Luchesi quickly became a famous organist and composer for organ and harpsichord. He created instrumental music, church music and stage works. In the spring of 1765 his opera buffa L'isola della fortuna ( The Island of Fortune ) was performed at the Vienna Court Theater. During a trip to Italy in 1771 he met Leopold and Wolfgang Amadeus Mozart . At the end of 1771, Luchesi traveled to Bonn at the invitation of the Cologne elector Maximilian Friederich and worked in the electoral court orchestra. After the death of the previous conductor Ludwig van Beethoven the Elder, the grandfather of the composer Ludwig van Beethoven , Luchesi was appointed court conductor in 1774. Under him, the Bonn Opera experienced its heyday.
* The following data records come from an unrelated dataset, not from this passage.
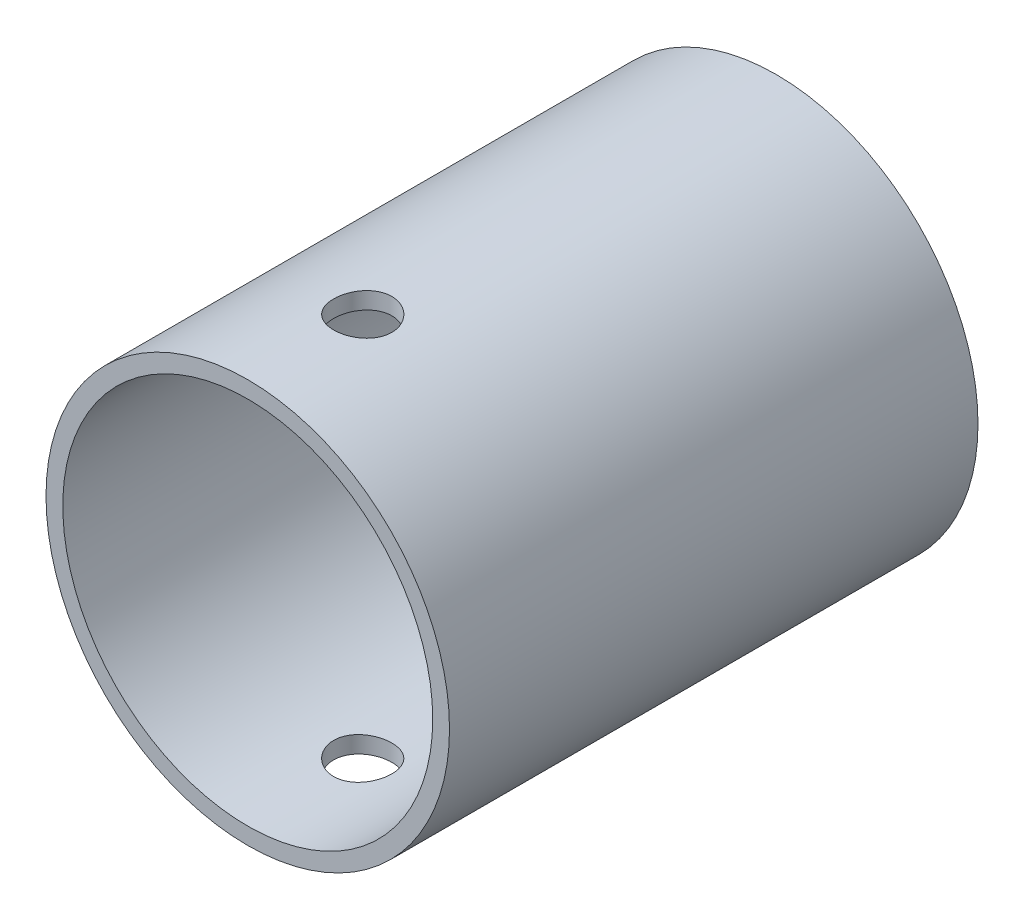
ISO-10303-21;
HEADER;
FILE_DESCRIPTION(('STEP AP214'),'2;1');
FILE_NAME('part.step','',(''),(''),'','','');
FILE_SCHEMA(('AUTOMOTIVE_DESIGN { 1 0 10303 214 1 1 1 1 }'));
ENDSEC;
DATA;
#1=APPLICATION_CONTEXT('core data for automotive mechanical design processes');
#2=APPLICATION_PROTOCOL_DEFINITION('international standard','automotive_design',2000,#1);
#3=PRODUCT_CONTEXT('',#1,'mechanical');
#4=PRODUCT('Part','Part','',(#3));
#5=PRODUCT_RELATED_PRODUCT_CATEGORY('part','',(#4));
#6=PRODUCT_DEFINITION_FORMATION('','',#4);
#7=PRODUCT_DEFINITION_CONTEXT('part definition',#1,'design');
#8=PRODUCT_DEFINITION('design','',#6,#7);
#9=PRODUCT_DEFINITION_SHAPE('','',#8);
#10=(LENGTH_UNIT() NAMED_UNIT(*) SI_UNIT(.MILLI.,.METRE.));
#11=(NAMED_UNIT(*) PLANE_ANGLE_UNIT() SI_UNIT($,.RADIAN.));
#12=(NAMED_UNIT(*) SI_UNIT($,.STERADIAN.) SOLID_ANGLE_UNIT());
#13=UNCERTAINTY_MEASURE_WITH_UNIT(LENGTH_MEASURE(1.E-05),#10,'distance_accuracy_value','');
#14=(GEOMETRIC_REPRESENTATION_CONTEXT(3) GLOBAL_UNCERTAINTY_ASSIGNED_CONTEXT((#13)) GLOBAL_UNIT_ASSIGNED_CONTEXT((#10,
#11,#12)) REPRESENTATION_CONTEXT('',''));
#15=CARTESIAN_POINT('',(0.,0.,0.));
#16=DIRECTION('',(0.,0.,1.));
#17=DIRECTION('',(1.,0.,0.));
#18=AXIS2_PLACEMENT_3D('',#15,#16,#17);
#19=CARTESIAN_POINT('',(0.,0.,6.));
#20=DIRECTION('',(0.,0.,1.));
#21=DIRECTION('',(1.,0.,0.));
#22=AXIS2_PLACEMENT_3D('',#19,#20,#21);
#23=PLANE('',#22);
#24=CARTESIAN_POINT('',(0.,0.,6.));
#25=DIRECTION('',(0.,0.,1.));
#26=DIRECTION('',(1.,0.,0.));
#27=AXIS2_PLACEMENT_3D('',#24,#25,#26);
#28=CIRCLE('',#27,9.);
#29=CARTESIAN_POINT('',(9.,0.,6.));
#30=VERTEX_POINT('',#29);
#31=EDGE_CURVE('E141',#30,#30,#28,.T.);
#32=ORIENTED_EDGE('',*,*,#31,.F.);
#33=EDGE_LOOP('',(#32));
#34=FACE_BOUND('',#33,.T.);
#35=CARTESIAN_POINT('',(0.,0.,6.));
#36=DIRECTION('',(0.,0.,1.));
#37=DIRECTION('',(1.,0.,0.));
#38=AXIS2_PLACEMENT_3D('',#35,#36,#37);
#39=CIRCLE('',#38,10.);
#40=CARTESIAN_POINT('',(10.,0.,6.));
#41=VERTEX_POINT('',#40);
#42=EDGE_CURVE('E61',#41,#41,#39,.F.);
#43=ORIENTED_EDGE('',*,*,#42,.F.);
#44=EDGE_LOOP('',(#43));
#45=FACE_BOUND('',#44,.T.);
#46=ADVANCED_FACE('F36',(#34,#45),#23,.T.);
#47=CARTESIAN_POINT('',(0.,0.,5.));
#48=DIRECTION('',(0.,0.,-1.));
#49=DIRECTION('',(-1.,0.,0.));
#50=AXIS2_PLACEMENT_3D('',#47,#48,#49);
#51=PLANE('',#50);
#52=CARTESIAN_POINT('',(0.,0.,5.));
#53=DIRECTION('',(0.,0.,-1.));
#54=DIRECTION('',(-1.,0.,0.));
#55=AXIS2_PLACEMENT_3D('',#52,#53,#54);
#56=CIRCLE('',#55,6.);
#57=CARTESIAN_POINT('',(-6.,0.,5.));
#58=VERTEX_POINT('',#57);
#59=EDGE_CURVE('E136',#58,#58,#56,.T.);
#60=ORIENTED_EDGE('',*,*,#59,.T.);
#61=EDGE_LOOP('',(#60));
#62=FACE_BOUND('',#61,.T.);
#63=CARTESIAN_POINT('',(0.,0.,5.));
#64=DIRECTION('',(0.,0.,1.));
#65=DIRECTION('',(1.,0.,0.));
#66=AXIS2_PLACEMENT_3D('',#63,#64,#65);
#67=CIRCLE('',#66,9.);
#68=CARTESIAN_POINT('',(9.,0.,5.));
#69=VERTEX_POINT('',#68);
#70=EDGE_CURVE('E149',#69,#69,#67,.T.);
#71=ORIENTED_EDGE('',*,*,#70,.T.);
#72=EDGE_LOOP('',(#71));
#73=FACE_BOUND('',#72,.T.);
#74=ADVANCED_FACE('F100',(#62,#73),#51,.F.);
#75=CARTESIAN_POINT('',(0.,0.,50.));
#76=DIRECTION('',(0.,0.,-1.));
#77=DIRECTION('',(-1.,0.,0.));
#78=AXIS2_PLACEMENT_3D('',#75,#76,#77);
#79=CYLINDRICAL_SURFACE('',#78,17.5);
#80=CARTESIAN_POINT('',(0.,-17.5,41.8700003922223));
#81=CARTESIAN_POINT('',(0.153455229582551,-17.4999974630045,41.8699941337384));
#82=CARTESIAN_POINT('',(0.306997303591635,-17.4979604565219,41.8571123767081));
#83=CARTESIAN_POINT('',(0.609783625449626,-17.4900305238574,41.8059422330934));
#84=CARTESIAN_POINT('',(0.759023644274631,-17.4841339300814,41.767629680265));
#85=CARTESIAN_POINT('',(1.04878062656791,-17.469146941984,41.6667761464509));
#86=CARTESIAN_POINT('',(1.18930431030421,-17.4600590450865,41.6042541072099));
#87=CARTESIAN_POINT('',(1.4578461688781,-17.4396915891876,41.4568040653463));
#88=CARTESIAN_POINT('',(1.58586594948107,-17.4284123121633,41.3718789449507));
#89=CARTESIAN_POINT('',(1.82687936824554,-17.4048070423709,41.1812611533715));
#90=CARTESIAN_POINT('',(1.93975072674967,-17.3924737106769,41.0754147665861));
#91=CARTESIAN_POINT('',(2.14620776085764,-17.368207284657,40.8462898676752));
#92=CARTESIAN_POINT('',(2.23979228333447,-17.3562742142977,40.723010313993));
#93=CARTESIAN_POINT('',(2.40550105052376,-17.3340882849669,40.4616891842459));
#94=CARTESIAN_POINT('',(2.47750588810652,-17.3238449109296,40.323571014526));
#95=CARTESIAN_POINT('',(2.59724804353714,-17.3062990761218,40.0370128344823));
#96=CARTESIAN_POINT('',(2.64498681482154,-17.2989964392188,39.8885734429624));
#97=CARTESIAN_POINT('',(2.71445962258402,-17.2882314601016,39.5868768602009));
#98=CARTESIAN_POINT('',(2.73640375950366,-17.2847381079426,39.4336691765623));
#99=CARTESIAN_POINT('',(2.75431548537907,-17.281893232641,39.12570940022));
#100=CARTESIAN_POINT('',(2.75028470959802,-17.2825414487639,38.9709574053517));
#101=CARTESIAN_POINT('',(2.71653249105086,-17.2878781308041,38.665792501426));
#102=CARTESIAN_POINT('',(2.68704588428737,-17.2925296639804,38.5153528794389));
#103=CARTESIAN_POINT('',(2.60358701785442,-17.3052911276942,38.221583204165));
#104=CARTESIAN_POINT('',(2.54961400397372,-17.3134011647574,38.0782533700192));
#105=CARTESIAN_POINT('',(2.41847274313756,-17.3322062618977,37.8020621568788));
#106=CARTESIAN_POINT('',(2.3412058407861,-17.3429122780869,37.669248398068));
#107=CARTESIAN_POINT('',(2.16574029562039,-17.3656952499611,37.4183824011052));
#108=CARTESIAN_POINT('',(2.06754014737257,-17.3777723042165,37.3003312255872));
#109=CARTESIAN_POINT('',(1.85171057236304,-17.4020993832948,37.0809811054065));
#110=CARTESIAN_POINT('',(1.7338794134433,-17.4143498500481,36.979880598823));
#111=CARTESIAN_POINT('',(1.48281796103276,-17.4375203725031,36.798858256409));
#112=CARTESIAN_POINT('',(1.34958758767357,-17.4484404213039,36.7189365304298));
#113=CARTESIAN_POINT('',(1.07133156137927,-17.4677327717946,36.5825269724027));
#114=CARTESIAN_POINT('',(0.926297820339916,-17.4761033075165,36.5260553737314));
#115=CARTESIAN_POINT('',(0.628644132738795,-17.4893389966959,36.4383264400927));
#116=CARTESIAN_POINT('',(0.476024750473814,-17.4942044104837,36.4070672325438));
#117=CARTESIAN_POINT('',(0.169243780415673,-17.4998469580502,36.3709164208083));
#118=CARTESIAN_POINT('',(0.0151150703929344,-17.5006663632781,36.3657521711964));
#119=CARTESIAN_POINT('',(-0.29180648376779,-17.4982399319457,36.3812128531373));
#120=CARTESIAN_POINT('',(-0.4445993732436,-17.4949942338987,36.401836905985));
#121=CARTESIAN_POINT('',(-0.743679422530946,-17.4848284353516,36.4680620039074));
#122=CARTESIAN_POINT('',(-0.889996919858359,-17.4779280136421,36.5135293219911));
#123=CARTESIAN_POINT('',(-1.17293227179733,-17.4612237098417,36.628008640138));
#124=CARTESIAN_POINT('',(-1.30954963259971,-17.4514196800667,36.697021837825));
#125=CARTESIAN_POINT('',(-1.57039946776912,-17.4298918578239,36.8572671921913));
#126=CARTESIAN_POINT('',(-1.69452514146822,-17.4181534584848,36.9486712014796));
#127=CARTESIAN_POINT('',(-1.92577278652917,-17.3941064929383,37.1508654890616));
#128=CARTESIAN_POINT('',(-2.03289366682977,-17.3817978902109,37.2616570103385));
#129=CARTESIAN_POINT('',(-2.22809077542299,-17.3578626272195,37.5006989512705));
#130=CARTESIAN_POINT('',(-2.31598362633745,-17.3462432437313,37.6290999545737));
#131=CARTESIAN_POINT('',(-2.46895256595108,-17.3251337935183,37.8990037750657));
#132=CARTESIAN_POINT('',(-2.53402931720837,-17.3156436649648,38.0405062116502));
#133=CARTESIAN_POINT('',(-2.63923867768394,-17.2999207265537,38.3320635521373));
#134=CARTESIAN_POINT('',(-2.67946560939592,-17.2936756141117,38.4820837264695));
#135=CARTESIAN_POINT('',(-2.73413229043844,-17.285117855811,38.7868569262007));
#136=CARTESIAN_POINT('',(-2.74857401062851,-17.2828049094027,38.9416095889583));
#137=CARTESIAN_POINT('',(-2.75121005923864,-17.2823853149773,39.2496257804446));
#138=CARTESIAN_POINT('',(-2.73969283943861,-17.2842324406975,39.4028868548955));
#139=CARTESIAN_POINT('',(-2.69135840320221,-17.2918240499717,39.7052627646104));
#140=CARTESIAN_POINT('',(-2.65454124370756,-17.297568524754,39.8543776092054));
#141=CARTESIAN_POINT('',(-2.55675761537021,-17.3122908254171,40.1441351076097));
#142=CARTESIAN_POINT('',(-2.49581326154319,-17.3212656896368,40.2847853844235));
#143=CARTESIAN_POINT('',(-2.35153428014303,-17.3414408094226,40.5539115750985));
#144=CARTESIAN_POINT('',(-2.2681987464252,-17.3526411550466,40.6823869959729));
#145=CARTESIAN_POINT('',(-2.08046265805288,-17.3761530141985,40.9249787203767));
#146=CARTESIAN_POINT('',(-1.97584903731687,-17.3884750087046,41.0389291422424));
#147=CARTESIAN_POINT('',(-1.74897653539545,-17.4127559241292,41.2477584911066));
#148=CARTESIAN_POINT('',(-1.62671357218263,-17.4247147602782,41.3426329939518));
#149=CARTESIAN_POINT('',(-1.36713472210832,-17.4470054845769,41.5111377614422));
#150=CARTESIAN_POINT('',(-1.22973187787683,-17.4573270446582,41.5846354278861));
#151=CARTESIAN_POINT('',(-0.944429950548835,-17.4750794072139,41.7073966727562));
#152=CARTESIAN_POINT('',(-0.796541742404635,-17.4825131544018,41.7566849512202));
#153=CARTESIAN_POINT('',(-0.540021805161799,-17.491986366102,41.8186469990022));
#154=CARTESIAN_POINT('',(-0.432960829499724,-17.4949757850587,41.837874509043));
#155=CARTESIAN_POINT('',(-0.217281069280105,-17.4989834861277,41.8635533300353));
#156=CARTESIAN_POINT('',(-0.108662307045458,-17.5000017964574,41.8700048238817));
#157=CARTESIAN_POINT('',(0.,-17.5,41.8700003922223));
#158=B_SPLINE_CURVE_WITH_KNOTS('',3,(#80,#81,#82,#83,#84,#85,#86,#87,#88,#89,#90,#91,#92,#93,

Luchesi obtained citizenship in his new home and in 1775 he married (Josepha) Anthonetta d'Anthoin. With the exception of a visit to Venice in 1783/84, he lived in Bonn until his death (1801). His role as Kapellmeister ended in 1794 when the Bonn court orchestra was dissolved as a result of the French occupation of the Rhineland.

The from 1994 in his book Andrea Luchesi. L'ora della verita disseminated theses by mathematics professor Giorgio Taboga, to whom Luchesi attributed outstanding importance to the development of Viennese classicism , received very little attention from experts. The only review (Maria Girardi in Nuova rivista musicale italiana, 1997) rated them as insubstantial fantasies. There is also no reliable evidence for the theory of the journalist Luigi della Croce, presented at a congress in Berlin in 1999, that Luchesi was supposed to have taught the young Beethoven.

literature

Web links

Individual evidence

  1. ^ Carlo Vitali: Cattivi maestri, pessimi allievi. Interview. In: musica 294, March 2018, pp. 61–65 (Italian, PDF), accessed on May 6, 2019.